How to complete this task | Output only the lines of the entries that follow, starting at the one with "#2361 = CARTESIAN_POINT" and running down to the one with "#5953 = VERTEX_POINT ( 'NONE', #9329 ) ;", both included and unchanged.

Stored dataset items
Start of Block

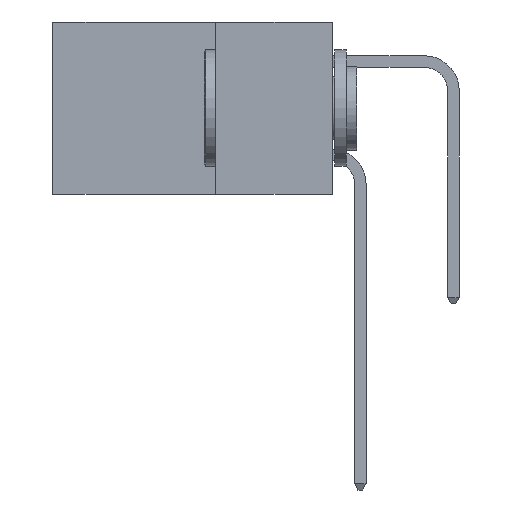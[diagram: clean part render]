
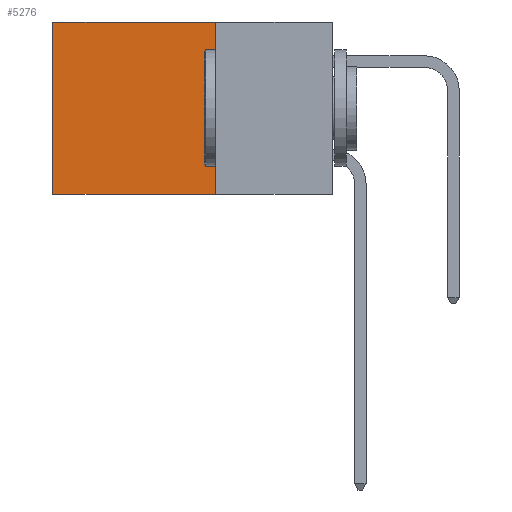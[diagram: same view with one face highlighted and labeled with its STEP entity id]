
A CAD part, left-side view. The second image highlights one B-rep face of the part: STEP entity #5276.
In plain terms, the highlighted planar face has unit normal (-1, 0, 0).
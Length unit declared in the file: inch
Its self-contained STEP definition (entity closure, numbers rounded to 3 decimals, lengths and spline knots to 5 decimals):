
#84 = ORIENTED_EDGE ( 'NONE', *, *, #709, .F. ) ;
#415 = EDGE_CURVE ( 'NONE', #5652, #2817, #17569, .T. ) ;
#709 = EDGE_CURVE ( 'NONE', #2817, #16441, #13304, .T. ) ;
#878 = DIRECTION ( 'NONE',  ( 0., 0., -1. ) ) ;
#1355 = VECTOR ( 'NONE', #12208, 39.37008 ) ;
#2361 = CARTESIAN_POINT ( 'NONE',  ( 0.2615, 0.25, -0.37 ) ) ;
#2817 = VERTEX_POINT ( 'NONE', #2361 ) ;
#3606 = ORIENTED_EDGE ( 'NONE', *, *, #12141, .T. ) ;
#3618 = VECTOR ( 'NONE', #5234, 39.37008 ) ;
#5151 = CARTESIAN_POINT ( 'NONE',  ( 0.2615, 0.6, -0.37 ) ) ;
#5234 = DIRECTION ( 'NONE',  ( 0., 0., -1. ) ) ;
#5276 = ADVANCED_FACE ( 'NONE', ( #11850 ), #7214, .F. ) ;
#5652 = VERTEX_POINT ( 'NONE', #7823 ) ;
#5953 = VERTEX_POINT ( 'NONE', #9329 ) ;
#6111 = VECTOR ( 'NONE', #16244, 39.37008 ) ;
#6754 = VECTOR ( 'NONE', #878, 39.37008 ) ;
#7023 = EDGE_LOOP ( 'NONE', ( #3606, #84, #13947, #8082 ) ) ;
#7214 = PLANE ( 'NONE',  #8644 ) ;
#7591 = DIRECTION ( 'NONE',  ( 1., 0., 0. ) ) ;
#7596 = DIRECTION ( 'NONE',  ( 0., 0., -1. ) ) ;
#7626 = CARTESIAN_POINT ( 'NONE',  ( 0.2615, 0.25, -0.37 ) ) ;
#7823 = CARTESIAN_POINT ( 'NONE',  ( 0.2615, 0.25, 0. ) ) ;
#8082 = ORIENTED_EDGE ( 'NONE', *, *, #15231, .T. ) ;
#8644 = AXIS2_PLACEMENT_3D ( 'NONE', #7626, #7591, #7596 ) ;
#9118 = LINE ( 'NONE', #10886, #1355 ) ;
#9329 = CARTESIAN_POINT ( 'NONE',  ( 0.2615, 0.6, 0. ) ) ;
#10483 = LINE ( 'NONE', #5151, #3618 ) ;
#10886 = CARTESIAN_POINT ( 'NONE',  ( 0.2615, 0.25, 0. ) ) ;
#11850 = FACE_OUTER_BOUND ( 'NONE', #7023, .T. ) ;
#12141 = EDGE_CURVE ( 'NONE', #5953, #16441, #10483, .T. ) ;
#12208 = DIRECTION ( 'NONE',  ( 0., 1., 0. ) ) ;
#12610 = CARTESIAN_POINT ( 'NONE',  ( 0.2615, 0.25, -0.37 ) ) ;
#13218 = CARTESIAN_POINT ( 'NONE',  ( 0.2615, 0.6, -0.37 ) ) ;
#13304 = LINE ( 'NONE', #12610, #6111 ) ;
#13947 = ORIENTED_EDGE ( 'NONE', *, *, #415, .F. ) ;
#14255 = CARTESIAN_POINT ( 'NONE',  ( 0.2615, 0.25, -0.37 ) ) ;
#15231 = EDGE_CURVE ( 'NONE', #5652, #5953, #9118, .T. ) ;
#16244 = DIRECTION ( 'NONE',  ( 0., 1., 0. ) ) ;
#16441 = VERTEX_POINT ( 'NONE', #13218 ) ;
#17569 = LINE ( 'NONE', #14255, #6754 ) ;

End of Block

Reply to the exercise |
#2361 = CARTESIAN_POINT ( 'NONE',  ( 0.2615, 0.25, -0.37 ) ) ;
#2817 = VERTEX_POINT ( 'NONE', #2361 ) ;
#3606 = ORIENTED_EDGE ( 'NONE', *, *, #12141, .T. ) ;
#3618 = VECTOR ( 'NONE', #5234, 39.37008 ) ;
#5151 = CARTESIAN_POINT ( 'NONE',  ( 0.2615, 0.6, -0.37 ) ) ;
#5234 = DIRECTION ( 'NONE',  ( 0., 0., -1. ) ) ;
#5276 = ADVANCED_FACE ( 'NONE', ( #11850 ), #7214, .F. ) ;
#5652 = VERTEX_POINT ( 'NONE', #7823 ) ;
#5953 = VERTEX_POINT ( 'NONE', #9329 ) ;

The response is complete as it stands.